▶ [Task prompt]
Write the data out in full and word for word. Do not include images.
══════════
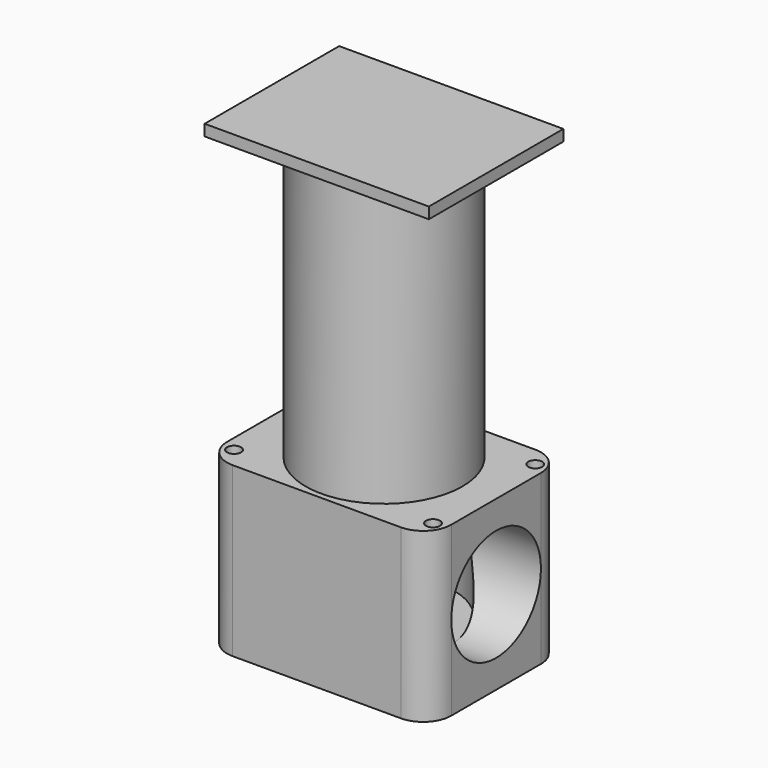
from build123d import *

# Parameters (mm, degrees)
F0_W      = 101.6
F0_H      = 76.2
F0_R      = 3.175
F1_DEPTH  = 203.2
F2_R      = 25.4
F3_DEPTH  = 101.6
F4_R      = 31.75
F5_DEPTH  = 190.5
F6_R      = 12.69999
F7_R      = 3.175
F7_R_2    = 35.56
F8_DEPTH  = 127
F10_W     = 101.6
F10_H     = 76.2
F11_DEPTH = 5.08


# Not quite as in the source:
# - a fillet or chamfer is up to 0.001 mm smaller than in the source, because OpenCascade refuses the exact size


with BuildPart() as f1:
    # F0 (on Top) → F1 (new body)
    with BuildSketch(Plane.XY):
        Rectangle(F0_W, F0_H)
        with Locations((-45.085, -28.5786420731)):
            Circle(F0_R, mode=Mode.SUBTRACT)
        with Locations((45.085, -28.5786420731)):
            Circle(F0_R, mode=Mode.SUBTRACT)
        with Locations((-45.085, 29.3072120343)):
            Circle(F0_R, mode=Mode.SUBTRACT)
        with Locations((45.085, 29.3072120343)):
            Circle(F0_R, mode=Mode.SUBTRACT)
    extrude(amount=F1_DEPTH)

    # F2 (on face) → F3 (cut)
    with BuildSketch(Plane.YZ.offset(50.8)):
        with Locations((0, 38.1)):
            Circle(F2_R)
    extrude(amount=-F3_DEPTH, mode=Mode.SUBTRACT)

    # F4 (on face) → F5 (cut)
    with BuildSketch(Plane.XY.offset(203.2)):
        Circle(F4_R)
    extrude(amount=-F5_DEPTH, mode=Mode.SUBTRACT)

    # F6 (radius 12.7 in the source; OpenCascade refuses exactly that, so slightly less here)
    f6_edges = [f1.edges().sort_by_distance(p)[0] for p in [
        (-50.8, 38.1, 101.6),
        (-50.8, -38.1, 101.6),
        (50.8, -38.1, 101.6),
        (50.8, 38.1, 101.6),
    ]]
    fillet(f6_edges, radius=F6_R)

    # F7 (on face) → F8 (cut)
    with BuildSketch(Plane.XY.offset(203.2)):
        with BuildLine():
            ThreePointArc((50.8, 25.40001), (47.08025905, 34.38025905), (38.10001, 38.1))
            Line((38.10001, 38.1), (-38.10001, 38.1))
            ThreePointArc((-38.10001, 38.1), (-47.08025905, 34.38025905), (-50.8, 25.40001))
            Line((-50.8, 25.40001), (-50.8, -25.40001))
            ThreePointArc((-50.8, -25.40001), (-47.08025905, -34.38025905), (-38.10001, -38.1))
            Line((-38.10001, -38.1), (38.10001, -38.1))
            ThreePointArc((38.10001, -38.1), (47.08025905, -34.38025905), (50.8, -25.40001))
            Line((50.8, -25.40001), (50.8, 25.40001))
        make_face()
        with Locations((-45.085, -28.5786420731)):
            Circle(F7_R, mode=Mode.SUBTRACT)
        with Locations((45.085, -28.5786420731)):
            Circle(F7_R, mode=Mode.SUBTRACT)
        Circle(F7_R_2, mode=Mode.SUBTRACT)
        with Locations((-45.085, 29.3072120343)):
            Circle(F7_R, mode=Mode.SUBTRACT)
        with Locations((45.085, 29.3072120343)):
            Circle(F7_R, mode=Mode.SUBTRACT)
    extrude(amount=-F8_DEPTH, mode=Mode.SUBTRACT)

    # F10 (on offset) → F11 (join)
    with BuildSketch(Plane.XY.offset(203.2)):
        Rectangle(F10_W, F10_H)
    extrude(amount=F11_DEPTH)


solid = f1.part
══════════
▶ [Solution to the exercise]
from build123d import *

# Parameters (mm, degrees)
F0_W      = 101.6
F0_H      = 76.2
F0_R      = 3.175
F1_DEPTH  = 203.2
F2_R      = 25.4
F3_DEPTH  = 101.6
F4_R      = 31.75
F5_DEPTH  = 190.5
F6_R      = 12.69999
F7_R      = 3.175
F7_R_2    = 35.56
F8_DEPTH  = 127
F10_W     = 101.6
F10_H     = 76.2
F11_DEPTH = 5.08


# Not quite as in the source:
# - a fillet or chamfer is up to 0.001 mm smaller than in the source, because OpenCascade refuses the exact size


with BuildPart() as f1:
    # F0 (on Top) → F1 (new body)
    with BuildSketch(Plane.XY):
        Rectangle(F0_W, F0_H)
        with Locations((-45.085, -28.5786420731)):
            Circle(F0_R, mode=Mode.SUBTRACT)
        with Locations((45.085, -28.5786420731)):
            Circle(F0_R, mode=Mode.SUBTRACT)
        with Locations((-45.085, 29.3072120343)):
            Circle(F0_R, mode=Mode.SUBTRACT)
        with Locations((45.085, 29.3072120343)):
            Circle(F0_R, mode=Mode.SUBTRACT)
    extrude(amount=F1_DEPTH)

    # F2 (on face) → F3 (cut)
    with BuildSketch(Plane.YZ.offset(50.8)):
        with Locations((0, 38.1)):
            Circle(F2_R)
    extrude(amount=-F3_DEPTH, mode=Mode.SUBTRACT)

    # F4 (on face) → F5 (cut)
    with BuildSketch(Plane.XY.offset(203.2)):
        Circle(F4_R)
    extrude(amount=-F5_DEPTH, mode=Mode.SUBTRACT)

    # F6 (radius 12.7 in the source; OpenCascade refuses exactly that, so slightly less here)
    f6_edges = [f1.edges().sort_by_distance(p)[0] for p in [
        (-50.8, 38.1, 101.6),
        (-50.8, -38.1, 101.6),
        (50.8, -38.1, 101.6),
        (50.8, 38.1, 101.6),
    ]]
    fillet(f6_edges, radius=F6_R)

    # F7 (on face) → F8 (cut)
    with BuildSketch(Plane.XY.offset(203.2)):
        with BuildLine():
            ThreePointArc((50.8, 25.40001), (47.08025905, 34.38025905), (38.10001, 38.1))
            Line((38.10001, 38.1), (-38.10001, 38.1))
            ThreePointArc((-38.10001, 38.1), (-47.08025905, 34.38025905), (-50.8, 25.40001))
            Line((-50.8, 25.40001), (-50.8, -25.40001))
            ThreePointArc((-50.8, -25.40001), (-47.08025905, -34.38025905), (-38.10001, -38.1))
            Line((-38.10001, -38.1), (38.10001, -38.1))
            ThreePointArc((38.10001, -38.1), (47.08025905, -34.38025905), (50.8, -25.40001))
            Line((50.8, -25.40001), (50.8, 25.40001))
        make_face()
        with Locations((-45.085, -28.5786420731)):
            Circle(F7_R, mode=Mode.SUBTRACT)
        with Locations((45.085, -28.5786420731)):
            Circle(F7_R, mode=Mode.SUBTRACT)
        Circle(F7_R_2, mode=Mode.SUBTRACT)
        with Locations((-45.085, 29.3072120343)):
            Circle(F7_R, mode=Mode.SUBTRACT)
        with Locations((45.085, 29.3072120343)):
            Circle(F7_R, mode=Mode.SUBTRACT)
    extrude(amount=-F8_DEPTH, mode=Mode.SUBTRACT)

    # F10 (on offset) → F11 (join)
    with BuildSketch(Plane.XY.offset(203.2)):
        Rectangle(F10_W, F10_H)
    extrude(amount=F11_DEPTH)


solid = f1.part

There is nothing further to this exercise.